Comparison of Hungarian law and general-purpose solver for allocation problems

what is this

There was an article in "Assignment problem, Hungarian law and integer programming problem" that the general-purpose solver is slow. In this article, I'll show you that it's faster to modify the code a bit and "create a mathematical model and solve it with a general-purpose solver".

Python code

The code is below. You need pip install numpy pulp munkres to run it.

import random
import time

import numpy as np
from munkres import Munkres
from pulp import PULP_CBC_CMD, LpProblem, LpVariable, lpDot, lpSum, value


class AssigmentProblem:
    def __init__(self, size, seed=0):
        self.size = size
        random.seed(seed)
        rng = range(self.size)
        self.weight = np.array([[random.randint(1, 100) for i in rng] for j in rng])
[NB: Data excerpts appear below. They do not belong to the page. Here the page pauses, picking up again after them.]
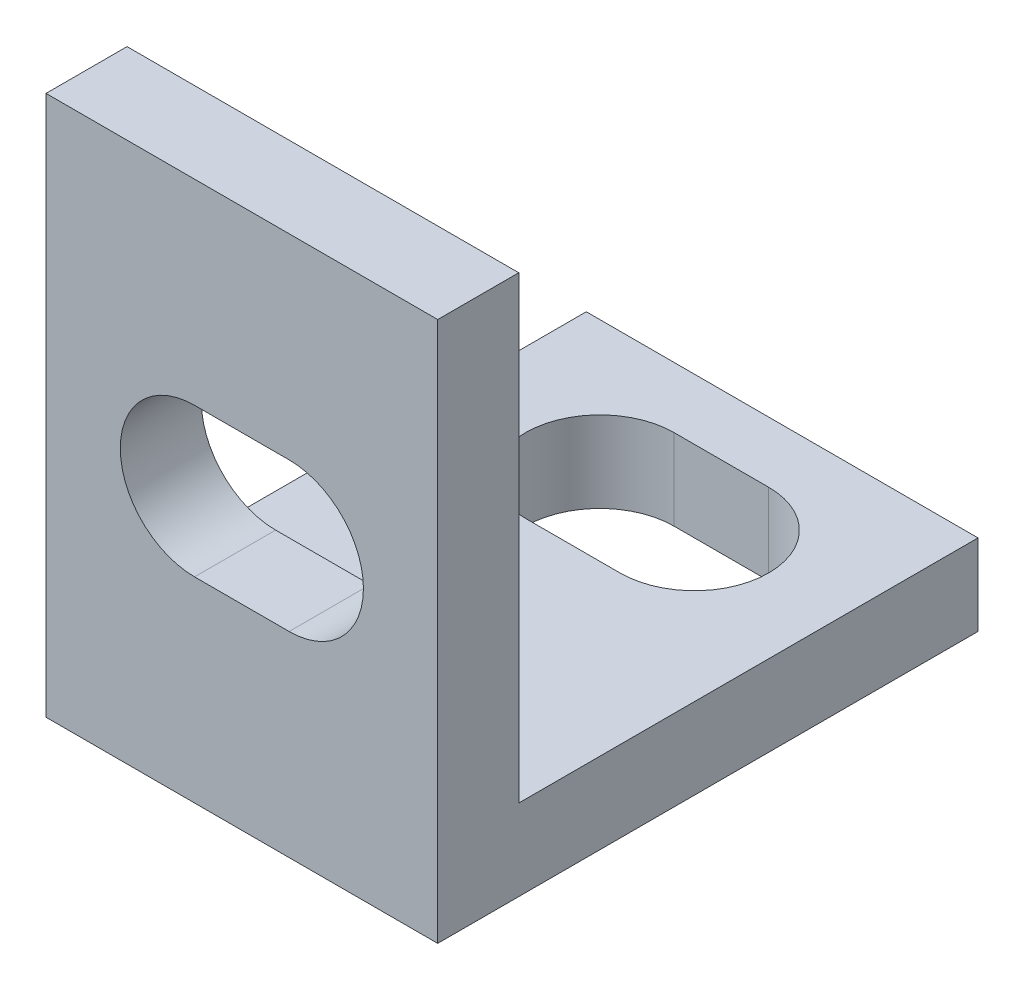
ISO-10303-21;
HEADER;
FILE_DESCRIPTION(('STEP AP214'),'2;1');
FILE_NAME('part.step','',(''),(''),'','','');
FILE_SCHEMA(('AUTOMOTIVE_DESIGN { 1 0 10303 214 1 1 1 1 }'));
ENDSEC;
DATA;
#1=APPLICATION_CONTEXT('core data for automotive mechanical design processes');
#2=APPLICATION_PROTOCOL_DEFINITION('international standard','automotive_design',2000,#1);
#3=PRODUCT_CONTEXT('',#1,'mechanical');
#4=PRODUCT('Part','Part','',(#3));
#5=PRODUCT_RELATED_PRODUCT_CATEGORY('part','',(#4));
#6=PRODUCT_DEFINITION_FORMATION('','',#4);
#7=PRODUCT_DEFINITION_CONTEXT('part definition',#1,'design');
#8=PRODUCT_DEFINITION('design','',#6,#7);
#9=PRODUCT_DEFINITION_SHAPE('','',#8);
#10=(LENGTH_UNIT() NAMED_UNIT(*) SI_UNIT(.MILLI.,.METRE.));
#11=(NAMED_UNIT(*) PLANE_ANGLE_UNIT() SI_UNIT($,.RADIAN.));
#12=(NAMED_UNIT(*) SI_UNIT($,.STERADIAN.) SOLID_ANGLE_UNIT());
#13=UNCERTAINTY_MEASURE_WITH_UNIT(LENGTH_MEASURE(1.E-05),#10,'distance_accuracy_value','');
#14=(GEOMETRIC_REPRESENTATION_CONTEXT(3) GLOBAL_UNCERTAINTY_ASSIGNED_CONTEXT((#13)) GLOBAL_UNIT_ASSIGNED_CONTEXT((#10,
#11,#12)) REPRESENTATION_CONTEXT('',''));
#15=CARTESIAN_POINT('',(0.,0.,0.));
#16=DIRECTION('',(0.,0.,1.));
#17=DIRECTION('',(1.,0.,0.));
#18=AXIS2_PLACEMENT_3D('',#15,#16,#17);
#19=CARTESIAN_POINT('',(-14.5,20.,-3.));
#20=DIRECTION('',(0.,1.,0.));
#21=DIRECTION('',(0.,0.,1.));
#22=AXIS2_PLACEMENT_3D('',#19,#20,#21);
#23=PLANE('',#22);
#24=DIRECTION('',(0.,0.,1.));
#25=VECTOR('',#24,1.);
#26=CARTESIAN_POINT('',(0.,20.,-3.));
#27=LINE('',#26,#25);
#28=CARTESIAN_POINT('',(0.,20.,-3.));
#29=VERTEX_POINT('',#28);
#30=CARTESIAN_POINT('',(0.,20.,0.));
#31=VERTEX_POINT('',#30);
#32=EDGE_CURVE('E194',#29,#31,#27,.T.);
#33=ORIENTED_EDGE('',*,*,#32,.F.);
#34=DIRECTION('',(1.,0.,0.));
#35=VECTOR('',#34,1.);
#36=CARTESIAN_POINT('',(-14.5,20.,-3.));
#37=LINE('',#36,#35);
#38=CARTESIAN_POINT('',(-14.5,20.,-3.));
#39=VERTEX_POINT('',#38);
#40=EDGE_CURVE('E11',#39,#29,#37,.T.);
#41=ORIENTED_EDGE('',*,*,#40,.F.);
#42=DIRECTION('',(0.,0.,1.));
#43=VECTOR('',#42,1.);
#44=CARTESIAN_POINT('',(-14.5,20.,-3.));
#45=LINE('',#44,#43);
#46=CARTESIAN_POINT('',(-14.5,20.,0.));
#47=VERTEX_POINT('',#46);
#48=EDGE_CURVE('E201',#39,#47,#45,.T.);
#49=ORIENTED_EDGE('',*,*,#48,.T.);
#50=DIRECTION('',(1.,0.,0.));
#51=VECTOR('',#50,1.);
#52=CARTESIAN_POINT('',(-14.5,20.,0.));
#53=LINE('',#52,#51);
#54=EDGE_CURVE('E35',#47,#31,#53,.T.);
#55=ORIENTED_EDGE('',*,*,#54,.T.);
#56=EDGE_LOOP('',(#33,#41,#49,#55));
#57=FACE_BOUND('',#56,.T.);
#58=ADVANCED_FACE('F32',(#57),#23,.T.);
#59=CARTESIAN_POINT('',(-14.5,3.,-3.));
#60=DIRECTION('',(0.,0.,-1.));
#61=DIRECTION('',(0.,1.,0.));
#62=AXIS2_PLACEMENT_3D('',#59,#60,#61);
#63=PLANE('',#62);
#64=CARTESIAN_POINT('',(-5.5,10.,-3.));
#65=DIRECTION('',(0.,0.,-1.));
#66=DIRECTION('',(0.,1.,0.));
#67=AXIS2_PLACEMENT_3D('',#64,#65,#66);
#68=CIRCLE('',#67,2.75);
#69=CARTESIAN_POINT('',(-5.5,12.75,-3.));
#70=VERTEX_POINT('',#69);
#71=CARTESIAN_POINT('',(-5.5,7.25,-3.));
#72=VERTEX_POINT('',#71);
#73=EDGE_CURVE('E166',#70,#72,#68,.T.);
#74=ORIENTED_EDGE('',*,*,#73,.F.);
#75=DIRECTION('',(-1.,0.,0.));
#76=VECTOR('',#75,1.);
#77=CARTESIAN_POINT('',(-5.5,12.75,-3.));
#78=LINE('',#77,#76);
#79=CARTESIAN_POINT('',(-9.,12.75,-3.));
#80=VERTEX_POINT('',#79);
#81=EDGE_CURVE('E174',#70,#80,#78,.T.);
#82=ORIENTED_EDGE('',*,*,#81,.T.);
#83=CARTESIAN_POINT('',(-9.,10.,-3.));
#84=DIRECTION('',(0.,0.,-1.));
#85=DIRECTION('',(0.,1.,0.));
#86=AXIS2_PLACEMENT_3D('',#83,#84,#85);
#87=CIRCLE('',#86,2.75);
#88=CARTESIAN_POINT('',(-9.,7.25000000000001,-3.));
#89=VERTEX_POINT('',#88);
#90=EDGE_CURVE('E187',#89,#80,#87,.T.);
#91=ORIENTED_EDGE('',*,*,#90,.F.);
#92=DIRECTION('',(-1.,0.,0.));
#93=VECTOR('',#92,1.);
#94=CARTESIAN_POINT('',(-5.5,7.25,-3.));
#95=LINE('',#94,#93);
#96=EDGE_CURVE('E184',#72,#89,#95,.T.);
#97=ORIENTED_EDGE('',*,*,#96,.F.);
#98=EDGE_LOOP('',(#74,#82,#91,#97));
#99=FACE_BOUND('',#98,.T.);
#100=DIRECTION('',(0.,1.,0.));
#101=VECTOR('',#100,1.);
#102=CARTESIAN_POINT('',(0.,3.,-3.));
#103=LINE('',#102,#101);
#104=CARTESIAN_POINT('',(0.,3.,-3.));
#105=VERTEX_POINT('',#104);
#106=EDGE_CURVE('E205',#105,#29,#103,.T.);
#107=ORIENTED_EDGE('',*,*,#106,.F.);
#108=DIRECTION('',(1.,0.,0.));
#109=VECTOR('',#108,1.);
#110=CARTESIAN_POINT('',(-14.5,3.,-3.));
#111=LINE('',#110,#109);
#112=CARTESIAN_POINT('',(-14.5,3.,-3.));
#113=VERTEX_POINT('',#112);
#114=EDGE_CURVE('E40',#113,#105,#111,.T.);
#115=ORIENTED_EDGE('',*,*,#114,.F.);
#116=DIRECTION('',(0.,1.,0.));
#117=VECTOR('',#116,1.);
#118=CARTESIAN_POINT('',(-14.5,3.,-3.));
#119=LINE('',#118,#117);
#120=EDGE_CURVE('E217',#113,#39,#119,.T.);
#121=ORIENTED_EDGE('',*,*,#120,.T.);
#122=ORIENTED_EDGE('',*,*,#40,.T.);
#123=EDGE_LOOP('',(#107,#115,#121,#122));
#124=FACE_BOUND('',#123,.T.);
#125=ADVANCED_FACE('F254',(#99,#124),#63,.T.);
#126=CARTESIAN_POINT('',(-14.5,3.,-20.));
#127=DIRECTION('',(0.,1.,0.));
#128=DIRECTION('',(0.,0.,1.));
#129=AXIS2_PLACEMENT_3D('',#126,#127,#128);
#130=PLANE('',#129);
#131=CARTESIAN_POINT('',(-5.5,3.,-15.));
#132=DIRECTION('',(0.,1.,0.));
#133=DIRECTION('',(0.,0.,1.));
#134=AXIS2_PLACEMENT_3D('',#131,#132,#133);
#135=CIRCLE('',#134,2.75);
#136=CARTESIAN_POINT('',(-5.5,3.,-12.25));
#137=VERTEX_POINT('',#136);
#138=CARTESIAN_POINT('',(-5.5,3.,-17.75));
#139=VERTEX_POINT('',#138);
#140=EDGE_CURVE('E48',#137,#139,#135,.T.);
#141=ORIENTED_EDGE('',*,*,#140,.F.);
#142=DIRECTION('',(1.,0.,0.));
#143=VECTOR('',#142,1.);
#144=CARTESIAN_POINT('',(-5.5,3.,-12.25));
#145=LINE('',#144,#143);
#146=CARTESIAN_POINT('',(-9.,3.,-12.25));
#147=VERTEX_POINT('',#146);
#148=EDGE_CURVE('E151',#147,#137,#145,.T.);
#149=ORIENTED_EDGE('',*,*,#148,.F.);
#150=CARTESIAN_POINT('',(-9.,3.,-15.));
#151=DIRECTION('',(0.,1.,0.));
#152=DIRECTION('',(0.,0.,1.));
#153=AXIS2_PLACEMENT_3D('',#150,#151,#152);
#154=CIRCLE('',#153,2.75);
#155=CARTESIAN_POINT('',(-9.,3.,-17.75));
#156=VERTEX_POINT('',#155);
#157=EDGE_CURVE('E154',#156,#147,#154,.T.);
#158=ORIENTED_EDGE('',*,*,#157,.F.);
#159=DIRECTION('',(-1.,0.,0.));
#160=VECTOR('',#159,1.);
#161=CARTESIAN_POINT('',(-5.5,3.,-17.75));
#162=LINE('',#161,#160);
#163=EDGE_CURVE('E160',#139,#156,#162,.T.);
#164=ORIENTED_EDGE('',*,*,#163,.F.);
#165=EDGE_LOOP('',(#141,#149,#158,#164));
#166=FACE_BOUND('',#165,.T.);
#167=DIRECTION('',(0.,0.,1.));
#168=VECTOR('',#167,1.);
#169=CARTESIAN_POINT('',(0.,3.,-20.));
#170=LINE('',#169,#168);
#171=CARTESIAN_POINT('',(0.,3.,-20.));
#172=VERTEX_POINT('',#171);
#173=EDGE_CURVE('E231',#172,#105,#170,.T.);
#174=ORIENTED_EDGE('',*,*,#173,.F.);
#175=DIRECTION('',(1.,0.,0.));
#176=VECTOR('',#175,1.);
#177=CARTESIAN_POINT('',(-14.5,3.,-20.));
#178=LINE('',#177,#176);
#179=CARTESIAN_POINT('',(-14.5,3.,-20.));
#180=VERTEX_POINT('',#179);
#181=EDGE_CURVE('E237',#180,#172,#178,.T.);
#182=ORIENTED_EDGE('',*,*,#181,.F.);
#183=DIRECTION('',(0.,0.,1.));
#184=VECTOR('',#183,1.);
#185=CARTESIAN_POINT('',(-14.5,3.,-20.));
#186=LINE('',#185,#184);
#187=EDGE_CURVE('E214',#180,#113,#186,.T.);
#188=ORIENTED_EDGE('',*,*,#187,.T.);
#189=ORIENTED_EDGE('',*,*,#114,.T.);
#190=EDGE_LOOP('',(#174,#182,#188,#189));
#191=FACE_BOUND('',#190,.T.);
#192=ADVANCED_FACE('F265',(#166,#191),#130,.T.);
#193=CARTESIAN_POINT('',(-14.5,0.,-20.));
#194=DIRECTION('',(0.,0.,-1.));
#195=DIRECTION('',(-1.,0.,0.));
#196=AXIS2_PLACEMENT_3D('',#193,#194,#195);
#197=PLANE('',#196);
#198=DIRECTION('',(0.,1.,0.));
#199=VECTOR('',#198,1.);
#200=CARTESIAN_POINT('',(0.,0.,-20.));
#201=LINE('',#200,#199);
#202=CARTESIAN_POINT('',(0.,0.,-20.));
#203=VERTEX_POINT('',#202);
#204=EDGE_CURVE('E228',#203,#172,#201,.T.);
#205=ORIENTED_EDGE('',*,*,#204,.F.);
#206=DIRECTION('',(1.,0.,0.));
#207=VECTOR('',#206,1.);
#208=CARTESIAN_POINT('',(-14.5,0.,-20.));
#209=LINE('',#208,#207);
#210=CARTESIAN_POINT('',(-14.5,0.,-20.));
#211=VERTEX_POINT('',#210);
#212=EDGE_CURVE('E239',#211,#203,#209,.T.);
#213=ORIENTED_EDGE('',*,*,#212,.F.);
#214=DIRECTION('',(0.,1.,0.));
#215=VECTOR('',#214,1.);
#216=CARTESIAN_POINT('',(-14.5,0.,-20.));
#217=LINE('',#216,#215);
#218=EDGE_CURVE('E211',#211,#180,#217,.T.);
#219=ORIENTED_EDGE('',*,*,#218,.T.);
#220=ORIENTED_EDGE('',*,*,#181,.T.);
#221=EDGE_LOOP('',(#205,#213,#219,#220));
#222=FACE_BOUND('',#221,.T.);
#223=ADVANCED_FACE('F263',(#222),#197,.T.);
#224=CARTESIAN_POINT('',(-14.5,0.,0.));
#225=DIRECTION('',(0.,-1.,0.));
#226=DIRECTION('',(0.,0.,-1.));
#227=AXIS2_PLACEMENT_3D('',#224,#225,#226);
#228=PLANE('',#227);
#229=CARTESIAN_POINT('',(-5.5,0.,-15.));
#230=DIRECTION('',(0.,1.,0.));
#231=DIRECTION('',(0.,0.,1.));
#232=AXIS2_PLACEMENT_3D('',#229,#230,#231);
#233=CIRCLE('',#232,2.75);
#234=CARTESIAN_POINT('',(-5.5,0.,-12.25));
#235=VERTEX_POINT('',#234);
#236=CARTESIAN_POINT('',(-5.5,0.,-17.75));
#237=VERTEX_POINT('',#236);
#238=EDGE_CURVE('E135',#235,#237,#233,.T.);
#239=ORIENTED_EDGE('',*,*,#238,.T.);
#240=DIRECTION('',(-1.,0.,0.));
#241=VECTOR('',#240,1.);
#242=CARTESIAN_POINT('',(-5.5,0.,-17.75));
#243=LINE('',#242,#241);
#244=CARTESIAN_POINT('',(-9.,0.,-17.75));
#245=VERTEX_POINT('',#244);
#246=EDGE_CURVE('E144',#237,#245,#243,.T.);
#247=ORIENTED_EDGE('',*,*,#246,.T.);
#248=CARTESIAN_POINT('',(-9.,0.,-15.));
#249=DIRECTION('',(0.,1.,0.));
#250=DIRECTION('',(0.,0.,1.));
#251=AXIS2_PLACEMENT_3D('',#248,#249,#250);
#252=CIRCLE('',#251,2.75);
#253=CARTESIAN_POINT('',(-9.,0.,-12.25));
#254=VERTEX_POINT('',#253);
#255=EDGE_CURVE('E56',#245,#254,#252,.T.);
#256=ORIENTED_EDGE('',*,*,#255,.T.);
#257=DIRECTION('',(1.,0.,0.));
#258=VECTOR('',#257,1.);
#259=CARTESIAN_POINT('',(-5.5,0.,-12.25));
#260=LINE('',#259,#258);
#261=EDGE_CURVE('E141',#254,#235,#260,.T.);
#262=ORIENTED_EDGE('',*,*,#261,.T.);
#263=EDGE_LOOP('',(#239,#247,#256,#262));
#264=FACE_BOUND('',#263,.T.);
#265=DIRECTION('',(0.,0.,-1.));
#266=VECTOR('',#265,1.);
#267=CARTESIAN_POINT('',(0.,0.,0.));
#268=LINE('',#267,#266);
#269=CARTESIAN_POINT('',(0.,0.,0.));
#270=VERTEX_POINT('',#269);
#271=EDGE_CURVE('E225',#270,#203,#268,.T.);
#272=ORIENTED_EDGE('',*,*,#271,.F.);
#273=DIRECTION('',(1.,0.,0.));
#274=VECTOR('',#273,1.);
#275=CARTESIAN_POINT('',(-14.5,0.,0.));
#276=LINE('',#275,#274);
#277=CARTESIAN_POINT('',(-14.5,0.,0.));
#278=VERTEX_POINT('',#277);
#279=EDGE_CURVE('E240',#278,#270,#276,.T.);
#280=ORIENTED_EDGE('',*,*,#279,.F.);
#281=DIRECTION('',(0.,0.,-1.));
#282=VECTOR('',#281,1.);
#283=CARTESIAN_POINT('',(-14.5,0.,0.));
#284=LINE('',#283,#282);
#285=EDGE_CURVE('E208',#278,#211,#284,.T.);
#286=ORIENTED_EDGE('',*,*,#285,.T.);
#287=ORIENTED_EDGE('',*,*,#212,.T.);
#288=EDGE_LOOP('',(#272,#280,#286,#287));
#289=FACE_BOUND('',#288,.T.);
#290=ADVANCED_FACE('F148',(#264,#289),#228,.T.);
#291=CARTESIAN_POINT('',(-14.5,20.,0.));
#292=DIRECTION('',(0.,0.,1.));
#293=DIRECTION('',(0.,-1.,0.));
#294=AXIS2_PLACEMENT_3D('',#291,#292,#293);
#295=PLANE('',#294);
#296=CARTESIAN_POINT('',(-5.5,10.,0.));
#297=DIRECTION('',(0.,0.,-1.));
#298=DIRECTION('',(0.,1.,0.));
#299=AXIS2_PLACEMENT_3D('',#296,#297,#298);
#300=CIRCLE('',#299,2.75);
#301=CARTESIAN_POINT('',(-5.5,12.75,0.));
#302=VERTEX_POINT('',#301);
#303=CARTESIAN_POINT('',(-5.5,7.25,0.));
#304=VERTEX_POINT('',#303);
#305=EDGE_CURVE('E170',#302,#304,#300,.T.);
#306=ORIENTED_EDGE('',*,*,#305,.T.);
#307=DIRECTION('',(-1.,0.,0.));
#308=VECTOR('',#307,1.);
#309=CARTESIAN_POINT('',(-5.5,7.25,0.));
#310=LINE('',#309,#308);
#311=CARTESIAN_POINT('',(-9.,7.25,0.));
#312=VERTEX_POINT('',#311);
#313=EDGE_CURVE('E173',#304,#312,#310,.T.);
#314=ORIENTED_EDGE('',*,*,#313,.T.);
#315=CARTESIAN_POINT('',(-9.,10.,0.));
#316=DIRECTION('',(0.,0.,-1.));
#317=DIRECTION('',(0.,1.,0.));
#318=AXIS2_PLACEMENT_3D('',#315,#316,#317);
#319=CIRCLE('',#318,2.75);
#320=CARTESIAN_POINT('',(-9.,12.75,0.));
#321=VERTEX_POINT('',#320);
#322=EDGE_CURVE('E177',#312,#321,#319,.T.);
#323=ORIENTED_EDGE('',*,*,#322,.T.);
#324=DIRECTION('',(-1.,0.,0.));
#325=VECTOR('',#324,1.);
#326=CARTESIAN_POINT('',(-5.5,12.75,0.));
#327=LINE('',#326,#325);
#328=EDGE_CURVE('E180',#302,#321,#327,.T.);
#329=ORIENTED_EDGE('',*,*,#328,.F.);
#330=EDGE_LOOP('',(#306,#314,#323,#329));
#331=FACE_BOUND('',#330,.T.);
#332=DIRECTION('',(0.,-1.,0.));
#333=VECTOR('',#332,1.);
#334=CARTESIAN_POINT('',(0.,20.,0.));
#335=LINE('',#334,#333);
#336=EDGE_CURVE('E222',#31,#270,#335,.T.);
#337=ORIENTED_EDGE('',*,*,#336,.F.);
#338=ORIENTED_EDGE('',*,*,#54,.F.);
#339=DIRECTION('',(0.,-1.,0.));
#340=VECTOR('',#339,1.);
#341=CARTESIAN_POINT('',(-14.5,20.,0.));
#342=LINE('',#341,#340);
#343=EDGE_CURVE('E204',#47,#278,#342,.T.);
#344=ORIENTED_EDGE('',*,*,#343,.T.);
#345=ORIENTED_EDGE('',*,*,#279,.T.);
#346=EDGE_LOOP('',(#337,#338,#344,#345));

    def solve_hungarian(self):
        start_tm = time.time()
        m = Munkres()
        result = m.compute(self.weight.tolist())
        val = sum([self.weight[i, j] for i, j in result])
        tm = time.time() - start_tm
        print(f"hungarian {tm = :.2f} {val = }")

    def solve_pulp(self):
        m = LpProblem("AssignmentProblem")
        rng = range(self.size)
        x = np.array(LpVariable.matrix('x', (rng, rng), cat='Binary'))
        m += lpDot(self.weight.flatten(), x.flatten())
        start_tm = time.time()
        for i in rng:
            m += lpSum(x[i]) == 1
            m += lpSum(x[:, i]) == 1
        m.solve(PULP_CBC_CMD(mip=False, msg=False))
        val = value(m.objective)
        tm = time.time() - start_tm
        print(f"pulp      {tm = :.2f} {val = }")


if __name__ == "__main__":
    p1 = AssigmentProblem(300)
    p1.solve_hungarian()
    p1.solve_pulp()

Execution result

Tm: Calculation time (seconds), val: Objective function value
The upper row is the Hungarian law, and the lower row is the general-purpose solver.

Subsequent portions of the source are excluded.